Thursday, November 27, 2008
Can Innovation Save Primary Care in its Present Form ?
November 27, Thanksgiving Day, 2008
I felt like I was becoming a guideline-following automaton and a documentation drone. It was draining to me, and I didn’t feel it was what the patient wanted either.
Christine Sinsky, M.D. General Internist, Medical Associates Clinic and Health Plans, Dubuque, Iowa, “Innovation in Primary Care- Staying One Step Ahead of Burnout,” New England Journal of Medicine, November 27, 2008
Effective innovation depends on assumptions. If you assume primary care’s troubles are due to poor or uneven physician performance or to woeful lack of use of information technologies, that’s one thing. If you assume the troubles stem from overwhelming and unrealistic demands on time and talents of primary care physicians, that quite another.
It also depends on what you mean by “innovation”?

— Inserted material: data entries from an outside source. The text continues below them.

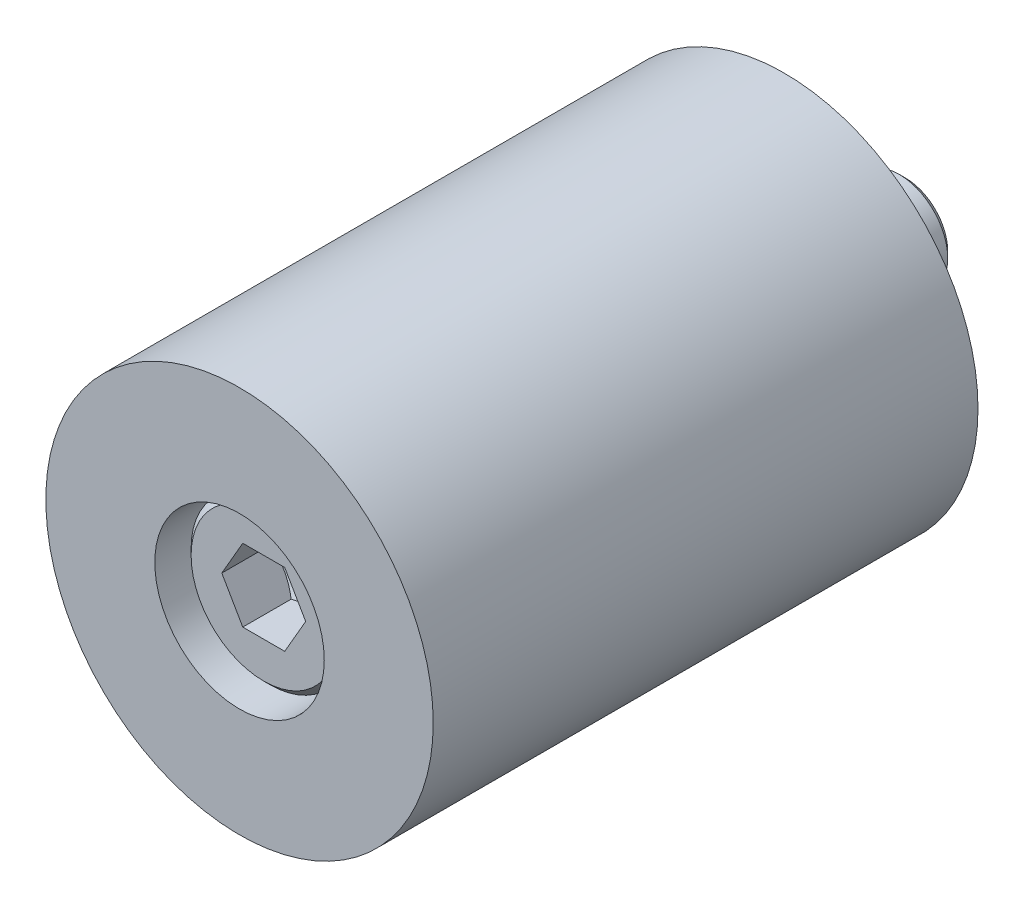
ISO-10303-21;
HEADER;
FILE_DESCRIPTION(('STEP AP214'),'2;1');
FILE_NAME('part.step','',(''),(''),'','','');
FILE_SCHEMA(('AUTOMOTIVE_DESIGN { 1 0 10303 214 1 1 1 1 }'));
ENDSEC;
DATA;
#1=APPLICATION_CONTEXT('core data for automotive mechanical design processes');
#2=APPLICATION_PROTOCOL_DEFINITION('international standard','automotive_design',2000,#1);
#3=PRODUCT_CONTEXT('',#1,'mechanical');
#4=PRODUCT('Part','Part','',(#3));
#5=PRODUCT_RELATED_PRODUCT_CATEGORY('part','',(#4));
#6=PRODUCT_DEFINITION_FORMATION('','',#4);
#7=PRODUCT_DEFINITION_CONTEXT('part definition',#1,'design');
#8=PRODUCT_DEFINITION('design','',#6,#7);
#9=PRODUCT_DEFINITION_SHAPE('','',#8);
#10=(LENGTH_UNIT() NAMED_UNIT(*) SI_UNIT(.MILLI.,.METRE.));
#11=(NAMED_UNIT(*) PLANE_ANGLE_UNIT() SI_UNIT($,.RADIAN.));
#12=(NAMED_UNIT(*) SI_UNIT($,.STERADIAN.) SOLID_ANGLE_UNIT());
#13=UNCERTAINTY_MEASURE_WITH_UNIT(LENGTH_MEASURE(1.E-05),#10,'distance_accuracy_value','');
#14=(GEOMETRIC_REPRESENTATION_CONTEXT(3) GLOBAL_UNCERTAINTY_ASSIGNED_CONTEXT((#13)) GLOBAL_UNIT_ASSIGNED_CONTEXT((#10,
#11,#12)) REPRESENTATION_CONTEXT('',''));
#15=CARTESIAN_POINT('',(0.,0.,0.));
#16=DIRECTION('',(0.,0.,1.));
#17=DIRECTION('',(1.,0.,0.));
#18=AXIS2_PLACEMENT_3D('',#15,#16,#17);
#19=CARTESIAN_POINT('',(0.,0.,22.5));
#20=DIRECTION('',(0.,0.,-1.));
#21=DIRECTION('',(1.,0.,0.));
#22=AXIS2_PLACEMENT_3D('',#19,#20,#21);
#23=CYLINDRICAL_SURFACE('',#22,4.25);
#24=CARTESIAN_POINT('',(0.,0.,35.));
#25=DIRECTION('',(0.,0.,1.));
#26=DIRECTION('',(-1.,0.,0.));
#27=AXIS2_PLACEMENT_3D('',#24,#25,#26);
#28=CIRCLE('',#27,4.25);
#29=CARTESIAN_POINT('',(-4.25,0.,35.));
#30=VERTEX_POINT('',#29);
#31=CARTESIAN_POINT('',(4.25,0.,35.));
#32=VERTEX_POINT('',#31);
#33=EDGE_CURVE('P0_E36',#30,#32,#28,.T.);
#34=ORIENTED_EDGE('',*,*,#33,.T.);
#35=CARTESIAN_POINT('',(4.25,0.,35.0000013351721));
#36=CARTESIAN_POINT('',(4.25,0.,4.55130932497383E-07));
#37=B_SPLINE_CURVE_WITH_KNOTS('',1,(#35,#36),.UNSPECIFIED.,.F.,.F.,(2,2),(0.0833333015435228,
0.916666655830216),.UNSPECIFIED.);
#38=CARTESIAN_POINT('',(4.25,0.,0.));
#39=VERTEX_POINT('',#38);
#40=EDGE_CURVE('P0_E25',#32,#39,#37,.T.);
#41=ORIENTED_EDGE('',*,*,#40,.T.);
#42=CARTESIAN_POINT('',(0.,0.,0.));
#43=DIRECTION('',(0.,0.,1.));
#44=DIRECTION('',(1.,0.,0.));
#45=AXIS2_PLACEMENT_3D('',#42,#43,#44);
#46=CIRCLE('',#45,4.25);
#47=EDGE_CURVE('P0_E11',#39,#39,#46,.T.);
#48=ORIENTED_EDGE('',*,*,#47,.F.);
#49=ORIENTED_EDGE('',*,*,#40,.F.);
#50=CARTESIAN_POINT('',(0.,0.,35.));
#51=DIRECTION('',(0.,0.,1.));
#52=DIRECTION('',(-1.,0.,0.));
#53=AXIS2_PLACEMENT_3D('',#50,#51,#52);
#54=CIRCLE('',#53,4.25);
#55=EDGE_CURVE('P0_E51',#32,#30,#54,.T.);
#56=ORIENTED_EDGE('',*,*,#55,.T.);
#57=EDGE_LOOP('',(#34,#41,#48,#49,#56));
#58=FACE_BOUND('',#57,.T.);
#59=ADVANCED_FACE('P0_F16',(#58),#23,.F.);
#60=CARTESIAN_POINT('',(0.,0.,40.));
#61=DIRECTION('',(0.,0.,-1.));
#62=DIRECTION('',(1.,0.,0.));
#63=AXIS2_PLACEMENT_3D('',#60,#61,#62);
#64=CYLINDRICAL_SURFACE('',#63,7.);
#65=CARTESIAN_POINT('',(0.,0.,45.));
#66=DIRECTION('',(0.,0.,-1.));
#67=DIRECTION('',(1.,0.,0.));
#68=AXIS2_PLACEMENT_3D('',#65,#66,#67);
#69=CIRCLE('',#68,7.);
#70=CARTESIAN_POINT('',(7.,0.,45.));
#71=VERTEX_POINT('',#70);
#72=EDGE_CURVE('P0_E53',#71,#71,#69,.T.);
#73=ORIENTED_EDGE('',*,*,#72,.F.);
#74=CARTESIAN_POINT('',(7.,0.,45.0000015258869));
#75=CARTESIAN_POINT('',(7.,0.,35.0000012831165));
#76=B_SPLINE_CURVE_WITH_KNOTS('',1,(#74,#75),.UNSPECIFIED.,.F.,.F.,(2,2),(0.0833332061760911,
0.916666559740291),.UNSPECIFIED.);
#77=CARTESIAN_POINT('',(7.,0.,35.));
#78=VERTEX_POINT('',#77);
#79=EDGE_CURVE('P0_E91',#71,#78,#76,.T.);
#80=ORIENTED_EDGE('',*,*,#79,.T.);
#81=CARTESIAN_POINT('',(0.,0.,35.));
#82=DIRECTION('',(0.,0.,-1.));
#83=DIRECTION('',(1.,0.,0.));
#84=AXIS2_PLACEMENT_3D('',#81,#82,#83);
#85=CIRCLE('',#84,7.);
#86=EDGE_CURVE('P0_E94',#78,#78,#85,.T.);
#87=ORIENTED_EDGE('',*,*,#86,.T.);
#88=ORIENTED_EDGE('',*,*,#79,.F.);
#89=EDGE_LOOP('',(#73,#80,#87,#88));
#90=FACE_BOUND('',#89,.T.);
#91=ADVANCED_FACE('P0_F111',(#90),#64,.F.);
#92=CARTESIAN_POINT('',(-16.1,14.5492267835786,35.));
#93=DIRECTION('',(0.,0.,-1.));
#94=DIRECTION('',(1.,0.,0.));
#95=AXIS2_PLACEMENT_3D('',#92,#93,#94);
#96=PLANE('',#95);
#97=ORIENTED_EDGE('',*,*,#86,.F.);
#98=EDGE_LOOP('',(#97));
#99=FACE_BOUND('',#98,.T.);
#100=ORIENTED_EDGE('',*,*,#55,.F.);
#101=ORIENTED_EDGE('',*,*,#33,.F.);
#102=EDGE_LOOP('',(#100,#101));
#103=FACE_BOUND('',#102,.T.);
#104=ADVANCED_FACE('P0_F55',(#99,#103),#96,.F.);
#105=CARTESIAN_POINT('',(0.,0.,22.5));
#106=DIRECTION('',(0.,0.,1.));
#107=DIRECTION('',(1.,0.,0.));
#108=AXIS2_PLACEMENT_3D('',#105,#106,#107);
#109=CYLINDRICAL_SURFACE('',#108,16.);
#110=CARTESIAN_POINT('',(0.,0.,0.));
#111=DIRECTION('',(0.,0.,-1.));
#112=DIRECTION('',(1.,0.,0.));
#113=AXIS2_PLACEMENT_3D('',#110,#111,#112);
#114=CIRCLE('',#113,16.);
#115=CARTESIAN_POINT('',(16.,0.,0.));
#116=VERTEX_POINT('',#115);
#117=EDGE_CURVE('P0_E85',#116,#116,#114,.T.);
#118=ORIENTED_EDGE('',*,*,#117,.F.);
#119=CARTESIAN_POINT('',(16.,0.,8.58270883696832E-07));
#120=CARTESIAN_POINT('',(16.,0.,44.9999996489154));
#121=B_SPLINE_CURVE_WITH_KNOTS('',1,(#119,#120),.UNSPECIFIED.,.F.,.F.,(2,2),(0.0833333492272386,
0.916666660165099),.UNSPECIFIED.);
#122=CARTESIAN_POINT('',(16.,0.,45.));
#123=VERTEX_POINT('',#122);
#124=EDGE_CURVE('P0_E57',#116,#123,#121,.T.);
#125=ORIENTED_EDGE('',*,*,#124,.T.);
#126=CARTESIAN_POINT('',(0.,0.,45.));
#127=DIRECTION('',(0.,0.,1.));
#128=DIRECTION('',(1.,0.,0.));
#129=AXIS2_PLACEMENT_3D('',#126,#127,#128);
#130=CIRCLE('',#129,16.);
#131=EDGE_CURVE('P0_E82',#123,#123,#130,.T.);
#132=ORIENTED_EDGE('',*,*,#131,.F.);
#133=ORIENTED_EDGE('',*,*,#124,.F.);
#134=EDGE_LOOP('',(#118,#125,#132,#133));
#135=FACE_BOUND('',#134,.T.);
#136=ADVANCED_FACE('P0_F130',(#135),#109,.T.);
#137=CARTESIAN_POINT('',(20.8,-33.2553755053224,0.));
#138=DIRECTION('',(0.,0.,-1.));
#139=DIRECTION('',(-1.,0.,0.));
#140=AXIS2_PLACEMENT_3D('',#137,#138,#139);
#141=PLANE('',#140);
#142=ORIENTED_EDGE('',*,*,#117,.T.);
#143=EDGE_LOOP('',(#142));
#144=FACE_BOUND('',#143,.T.);
#145=ORIENTED_EDGE('',*,*,#47,.T.);
#146=EDGE_LOOP('',(#145));
#147=FACE_BOUND('',#146,.T.);
#148=ADVANCED_FACE('P0_F132',(#144,#147),#141,.T.);
#149=CARTESIAN_POINT('',(-36.8,-33.2553755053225,45.));
#150=DIRECTION('',(0.,0.,1.));
#151=DIRECTION('',(1.,0.,0.));
#152=AXIS2_PLACEMENT_3D('',#149,#150,#151);
#153=PLANE('',#152);
#154=ORIENTED_EDGE('',*,*,#131,.T.);
#155=EDGE_LOOP('',(#154));
#156=FACE_BOUND('',#155,.T.);
#157=ORIENTED_EDGE('',*,*,#72,.T.);
#158=EDGE_LOOP('',(#157));
#159=FACE_BOUND('',#158,.T.);
#160=ADVANCED_FACE('P0_F108',(#156,#159),#153,.T.);
#161=CLOSED_SHELL('',(#59,#91,#104,#136,#148,#160));
#162=MANIFOLD_SOLID_BREP('P0_B1',#161);
#163=CARTESIAN_POINT('',(0.,0.,-7.84314575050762));
#164=DIRECTION('',(0.,0.,1.));
#165=DIRECTION('',(-1.,0.,0.));
#166=AXIS2_PLACEMENT_3D('',#163,#164,#165);
#167=CONICAL_SURFACE('',#166,5.65685424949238,0.785398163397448);
#168=CARTESIAN_POINT('',(0.,0.,-10.));
#169=DIRECTION('',(0.,0.,1.));
#170=DIRECTION('',(1.,0.,0.));
#171=AXIS2_PLACEMENT_3D('',#168,#169,#170);
#172=CIRCLE('',#171,3.5);
#173=CARTESIAN_POINT('',(3.5,0.,-10.));
#174=VERTEX_POINT('',#173);
#175=CARTESIAN_POINT('',(-3.5,0.,-10.));
#176=VERTEX_POINT('',#175);
#177=EDGE_CURVE('P1_E37',#174,#176,#172,.T.);
#178=ORIENTED_EDGE('',*,*,#177,.T.);
#179=CARTESIAN_POINT('',(-3.50000107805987,0.,-9.99999892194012));
#180=CARTESIAN_POINT('',(-3.9999982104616,0.,-9.5000017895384));
#181=B_SPLINE_CURVE_WITH_KNOTS('',1,(#179,#180),.UNSPECIFIED.,.F.,.F.,(2,2),(0.618718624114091,
0.707106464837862),.UNSPECIFIED.);
#182=CARTESIAN_POINT('',(-4.,0.,-9.5));
#183=VERTEX_POINT('',#182);
#184=EDGE_CURVE('P1_E24',#176,#183,#181,.T.);
#185=ORIENTED_EDGE('',*,*,#184,.T.);
#186=CARTESIAN_POINT('',(0.,0.,-9.5));
#187=DIRECTION('',(0.,0.,-1.));
#188=DIRECTION('',(1.,0.,0.));
#189=AXIS2_PLACEMENT_3D('',#186,#187,#188);
#190=CIRCLE('',#189,4.);
#191=CARTESIAN_POINT('',(4.,0.,-9.5));
#192=VERTEX_POINT('',#191);
#193=EDGE_CURVE('P1_E173',#183,#192,#190,.T.);
#194=ORIENTED_EDGE('',*,*,#193,.T.);
#195=CARTESIAN_POINT('',(0.,0.,-9.5));
#196=DIRECTION('',(0.,0.,-1.));
#197=DIRECTION('',(1.,0.,0.));
#198=AXIS2_PLACEMENT_3D('',#195,#196,#197);
#199=CIRCLE('',#198,4.);
#200=EDGE_CURVE('P1_E10',#192,#183,#199,.T.);
#201=ORIENTED_EDGE('',*,*,#200,.T.);
#202=ORIENTED_EDGE('',*,*,#184,.F.);
#203=CARTESIAN_POINT('',(0.,0.,-10.));
#204=DIRECTION('',(0.,0.,1.));
#205=DIRECTION('',(1.,0.,0.));
#206=AXIS2_PLACEMENT_3D('',#203,#204,#205);
#207=CIRCLE('',#206,3.5);
#208=EDGE_CURVE('P1_E146',#176,#174,#207,.T.);
#209=ORIENTED_EDGE('',*,*,#208,.T.);
#210=EDGE_LOOP('',(#178,#185,#194,#201,#202,#209));
#211=FACE_BOUND('',#210,.T.);
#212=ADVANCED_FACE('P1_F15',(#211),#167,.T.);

If by innovation you mean current federal efforts to impose pay-for-performance and electronic medical records on primary care, the answer in my mind-field is “No, these things will not save primary care. Indeed, they tend to cause less time with patients, irritate the practitioner, and aggravate the shortage.
• Other industries learned long ago that annual performance reviews by managers of workers destroys morale, kills teamwork, and hurts the bottom line (Samuel Culbert, “Get Rid of Performance Review!”, Wall Street Journal, October 30, 2008). In health care, pay for performance makes the physician a surrogate to the “boss” i.e., payers, and evokes hostility, and is unlikely to improve performance.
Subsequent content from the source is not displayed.